RL Utilities (utils)

At a Glance

Purpose:

Infrastructure utilities for RL training, callbacks, and hyperparameter management

Location:

fusion/modules/rl/utils/

Key Classes:

EpisodicRewardCallback, LearnRateEntCallback, HyperparamConfig

Integration:

Used by all RL algorithms, environments, and training workflows

Overview

The utils module provides essential infrastructure supporting the entire RL framework. It handles everything from custom training callbacks to hyperparameter optimization, model initialization, and simulation data management.

Key Capabilities:

  • Custom SB3 Callbacks: Powerful callbacks for reward tracking and dynamic hyperparameter adjustment

  • Hyperparameter Management: Flexible configuration with multiple decay strategies

  • Optuna Integration: Automated hyperparameter search space generation

  • Model Setup: Factory functions for all supported SB3 algorithms

  • GNN Caching: Efficient caching of GNN embeddings for faster training

Custom Callbacks

FUSION provides custom Stable-Baselines3 callbacks that extend standard training capabilities. These callbacks integrate seamlessly with any SB3 algorithm and provide features specifically designed for optical network optimization.

EpisodicRewardCallback

Tracks episode rewards across training and saves them periodically for analysis.

Features:

  • Tracks cumulative rewards per episode

  • Saves reward matrices at configurable intervals

  • Supports multi-trial reward aggregation

  • Compatible with all SB3 algorithms

from stable_baselines3 import PPO
from fusion.modules.rl.utils import EpisodicRewardCallback

# Create callback
reward_callback = EpisodicRewardCallback(verbose=1)
reward_callback.sim_dict = sim_dict  # Attach simulation config
reward_callback.max_iters = 1000

# Train with callback
model = PPO("MultiInputPolicy", env, verbose=1)
model.learn(total_timesteps=100_000, callback=reward_callback)

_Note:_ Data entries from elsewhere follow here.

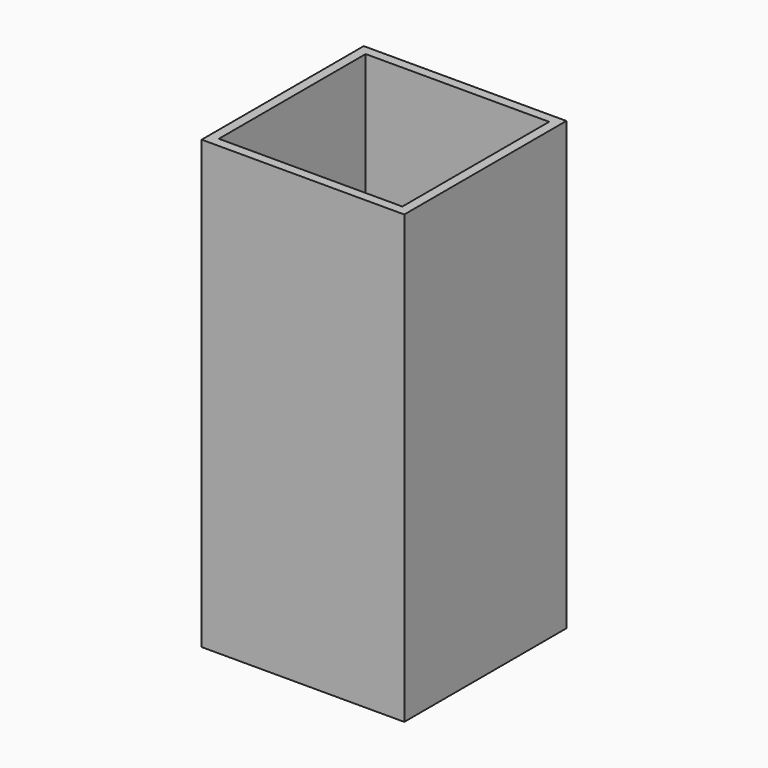
from build123d import *

# Parameters (mm, degrees)
F0_W     = 63.5
F0_H     = 63.5
F0_W_2   = 57.5
F0_H_2   = 57.5
F1_DEPTH = 140
F2_R     = 10
F3_DEPTH = 3


# Not quite as in the source:
# - a feature names something its author has since deleted; it is built from what else it names


with BuildPart() as f1:
    # F0 (on Top) → F1 (new body)
    with BuildSketch(Plane.XY):
        with Locations((2.4368530139, 1.7202482249)):
            Rectangle(F0_W, F0_H)
        with Locations((2.4368530139, 1.7202482249)):
            Rectangle(F0_W_2, F0_H_2, mode=Mode.SUBTRACT)
    extrude(amount=F1_DEPTH)

    # F2 (on face) → F3 (cut)
    with BuildSketch(Plane(origin=(-29.3131469861, 0, 0), x_dir=(0, -1, 0), z_dir=(-1, 0, 0))):
        with Locations((-1.7202482249, 20)):
            Circle(F2_R)
    extrude(amount=-F3_DEPTH, mode=Mode.SUBTRACT)


solid = f1.part
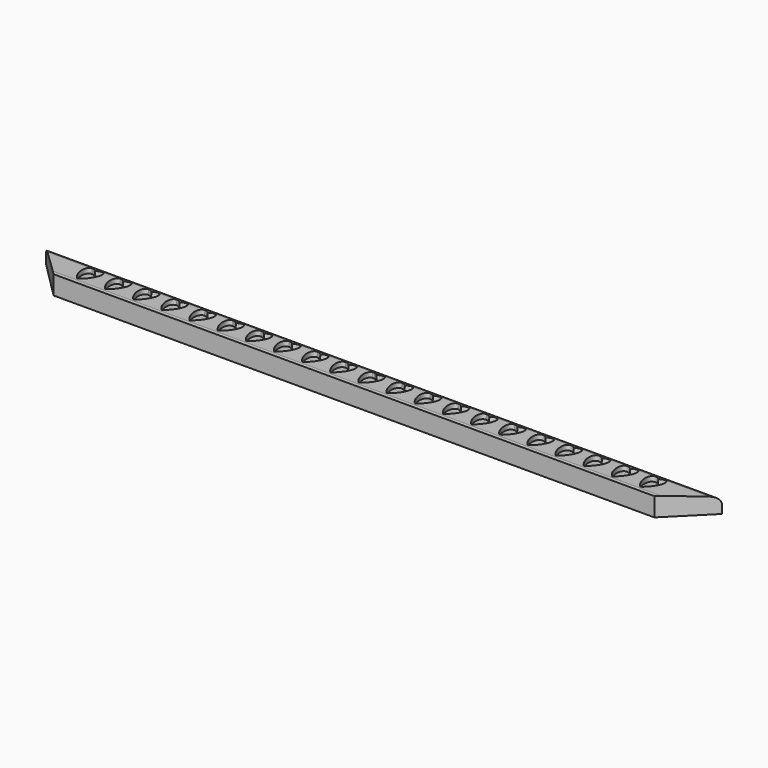
from build123d import *

# Parameters (mm, degrees)
F1_DEPTH = 12.7
F2_SIZE2 = 22.86
F2_SIZE  = 2.54
F3_R     = 5.08
F5_DEPTH = 3.175


# Not quite as in the source:
# - a feature names something its author has since deleted; it is built from what else it names


with BuildPart() as f1:
    # F0 (on Top) → F1 (new body)
    with BuildSketch(Plane.XY):
        Polygon((228.6, 12.7), (-228.6, 12.7), (-203.2, -12.7), (203.2, -12.7), align=None)
    extrude(amount=F1_DEPTH)

    # F2
    f2_edges = [f1.edges().sort_by_distance(p)[0] for p in [
        (0, 12.7, 12.7),
    ]]
    f2_side = f1.faces().sort_by_distance((0, 12.7, 6.35))[0]
    chamfer(f2_edges, length=F2_SIZE, length2=F2_SIZE2, reference=f2_side)

    # F3
    f3_edges = [f1.edges().sort_by_distance(p)[0] for p in [
        (0, 12.7, 10.16),
    ]]
    fillet(f3_edges, radius=F3_R)

    # F4 (on face) → F5 (cut)
    with BuildSketch(Plane(origin=(0, 1.27, 11.43), x_dir=(1, 0, 0), z_dir=(0, 0.1104315261, 0.9938837347))):
        with BuildLine():
            add(Edge.make_bspline(
                [(-190.5, 5.3298376858), (-192.2906218206, 6.9535217541), (-193.7692225246, 6.9535217364)],
                knots=[5.4853328791, 5.4853328791, 5.4853328791, 6.084603808, 6.084603808, 6.084603808], degree=2, weights=[1, 0.9554441533, 1]))
            add(Edge.make_bspline(
                [(-193.7692225246, 6.9535217364), (-209.2613622208, 6.95352155), (-190.5, -10.058738989)],
                knots=[6.084603808, 6.084603808, 6.084603808, 8.6269255327, 8.6269255327, 8.6269255327], degree=2, weights=[1, 0.2951719329, 1]))
            add(Edge.make_bspline(
                [(-190.5, -10.058738989), (-171.7386375737, 6.9535217364), (-187.2307775049, 6.9535217364)],
                knots=[3.9394450816, 3.9394450816, 3.9394450816, 6.4817668125, 6.4817668125, 6.4817668125], degree=2, weights=[1, 0.29517193, 1]))
            add(Edge.make_bspline(
                [(-187.2307775049, 6.9535217364), (-188.709378199, 6.9535217364), (-190.5, 5.3298376858)],
                knots=[0.1985815053, 0.1985815053, 0.1985815053, 0.797852428, 0.797852428, 0.797852428], degree=2, weights=[1, 0.9554441542, 1]))
        make_face()
        with BuildLine():
            add(Edge.make_bspline(
                [(-171.45, 5.3298376858), (-173.2406217996, 6.9535217351), (-174.719222493, 6.9535217364)],
                knots=[5.4853328791, 5.4853328791, 5.4853328791, 6.0846038014, 6.0846038014, 6.0846038014], degree=2, weights=[1, 0.9554441542, 1]))
            add(Edge.make_bspline(
                [(-174.719222493, 6.9535217364), (-190.2113624409, 6.9535217496), (-171.45, -10.058738989)],
                knots=[6.0846038014, 6.0846038014, 6.0846038014, 8.6269255327, 8.6269255327, 8.6269255327], degree=2, weights=[1, 0.2951719298, 1]))
            add(Edge.make_bspline(
                [(-171.45, -10.058738989), (-152.6886375737, 6.9535217364), (-168.1807775049, 6.9535217364)],
                knots=[3.9394450816, 3.9394450816, 3.9394450816, 6.4817668125, 6.4817668125, 6.4817668125], degree=2, weights=[1, 0.29517193, 1]))
            add(Edge.make_bspline(
                [(-168.1807775049, 6.9535217364), (-169.659378199, 6.9535217364), (-171.45, 5.3298376858)],
                knots=[0.1985815053, 0.1985815053, 0.1985815053, 0.797852428, 0.797852428, 0.797852428], degree=2, weights=[1, 0.9554441542, 1]))
        make_face()
        with BuildLine():
            add(Edge.make_bspline(
                [(-152.4, 5.3298376858), (-154.190621801, 6.9535217364), (-155.6692224951, 6.9535217364)],
                knots=[5.4853328791, 5.4853328791, 5.4853328791, 6.0846038019, 6.0846038019, 6.0846038019], degree=2, weights=[1, 0.9554441542, 1]))
            add(Edge.make_bspline(
                [(-155.6692224951, 6.9535217364), (-171.1613624263, 6.9535217363), (-152.4, -10.058738989)],
                knots=[6.0846038019, 6.0846038019, 6.0846038019, 8.6269255327, 8.6269255327, 8.6269255327], degree=2, weights=[1, 0.29517193, 1]))
            add(Edge.make_bspline(
                [(-152.4, -10.058738989), (-133.6386378713, 6.9535214665), (-149.1307774621, 6.9535217364)],
                knots=[3.9394450816, 3.9394450816, 3.9394450816, 6.4817668036, 6.4817668036, 6.4817668036], degree=2, weights=[1, 0.2951719342, 1]))
            add(Edge.make_bspline(
                [(-149.1307774621, 6.9535217364), (-150.6093781706, 6.9535217621), (-152.4, 5.3298376858)],
                knots=[0.1985814964, 0.1985814964, 0.1985814964, 0.797852428, 0.797852428, 0.797852428], degree=2, weights=[1, 0.9554441529, 1]))
        make_face()
        with BuildLine():
            add(Edge.make_bspline(
                [(-133.35, 5.3298376858), (-135.140621801, 6.9535217364), (-136.6192224951, 6.9535217364)],
                knots=[5.4853328791, 5.4853328791, 5.4853328791, 6.0846038019, 6.0846038019, 6.0846038019], degree=2, weights=[1, 0.9554441542, 1]))
            add(Edge.make_bspline(
                [(-136.6192224951, 6.9535217364), (-152.1113624263, 6.9535217363), (-133.35, -10.058738989)],
                knots=[6.0846038019, 6.0846038019, 6.0846038019, 8.6269255327, 8.6269255327, 8.6269255327], degree=2, weights=[1, 0.29517193, 1]))
            add(Edge.make_bspline(
                [(-133.35, -10.058738989), (-114.5886378713, 6.9535214665), (-130.0807774621, 6.9535217364)],
                knots=[3.9394450816, 3.9394450816, 3.9394450816, 6.4817668036, 6.4817668036, 6.4817668036], degree=2, weights=[1, 0.2951719342, 1]))
            add(Edge.make_bspline(
                [(-130.0807774621, 6.9535217364), (-131.5593781706, 6.9535217621), (-133.35, 5.3298376858)],
                knots=[0.1985814964, 0.1985814964, 0.1985814964, 0.797852428, 0.797852428, 0.797852428], degree=2, weights=[1, 0.9554441529, 1]))
        make_face()
        with BuildLine():
            add(Edge.make_bspline(
                [(-114.3, 5.3298376858), (-116.0906217421, 6.953521683), (-117.5692224063, 6.9535217364)],
                knots=[5.4853328791, 5.4853328791, 5.4853328791, 6.0846037833, 6.0846037833, 6.0846037833], degree=2, weights=[1, 0.9554441569, 1]))
            add(Edge.make_bspline(
                [(-117.5692224063, 6.9535217364), (-133.0613630431, 6.9535222957), (-114.3, -10.058738989)],
                knots=[6.0846037833, 6.0846037833, 6.0846037833, 8.6269255327, 8.6269255327, 8.6269255327], degree=2, weights=[1, 0.2951719211, 1]))
            add(Edge.make_bspline(
                [(-114.3, -10.058738989), (-95.5386373164, 6.9535219697), (-111.030777542, 6.9535217364)],
                knots=[3.9394450816, 3.9394450816, 3.9394450816, 6.4817668202, 6.4817668202, 6.4817668202], degree=2, weights=[1, 0.2951719263, 1]))
            add(Edge.make_bspline(
                [(-111.030777542, 6.9535217364), (-112.5093782236, 6.9535217141), (-114.3, 5.3298376858)],
                knots=[0.1985815131, 0.1985815131, 0.1985815131, 0.797852428, 0.797852428, 0.797852428], degree=2, weights=[1, 0.9554441553, 1]))
        make_face()
        with BuildLine():
            add(Edge.make_bspline(
                [(-95.25, -10.058738989), (-76.4886375737, 6.9535217364), (-91.9807775049, 6.9535217364)],
                knots=[3.9394450816, 3.9394450816, 3.9394450816, 6.4817668125, 6.4817668125, 6.4817668125], degree=2, weights=[1, 0.29517193, 1]))
            add(Edge.make_bspline(
                [(-91.9807775049, 6.9535217364), (-93.459378199, 6.9535217364), (-95.25, 5.3298376858)],
                knots=[0.1985815053, 0.1985815053, 0.1985815053, 0.797852428, 0.797852428, 0.797852428], degree=2, weights=[1, 0.9554441542, 1]))
            add(Edge.make_bspline(
                [(-95.25, 5.3298376858), (-97.0406217996, 6.9535217351), (-98.519222493, 6.9535217364)],
                knots=[5.4853328791, 5.4853328791, 5.4853328791, 6.0846038014, 6.0846038014, 6.0846038014], degree=2, weights=[1, 0.9554441542, 1]))
            add(Edge.make_bspline(
                [(-98.519222493, 6.9535217364), (-114.0113624409, 6.9535217496), (-95.25, -10.058738989)],
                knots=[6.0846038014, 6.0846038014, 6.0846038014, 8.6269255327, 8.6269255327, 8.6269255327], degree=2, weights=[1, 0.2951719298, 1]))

# Access rewards after training
episode_rewards = reward_callback.episode_rewards
print(f"Average reward: {episode_rewards.mean():.2f}")

Saved Output Format:

logs/<algorithm>/<network>/<date>/<time>/
`-- rewards_e<erlang>_routes_c<cores>_t<trial>_iter_<iteration>.npy

LearnRateEntCallback

Dynamically adjusts learning rate and entropy coefficient during training. Essential for achieving optimal convergence in policy gradient methods.

Features:

  • Linear learning rate decay based on training progress

  • Exponential entropy coefficient decay (PPO/A2C)

  • Episode-based updates (not step-based)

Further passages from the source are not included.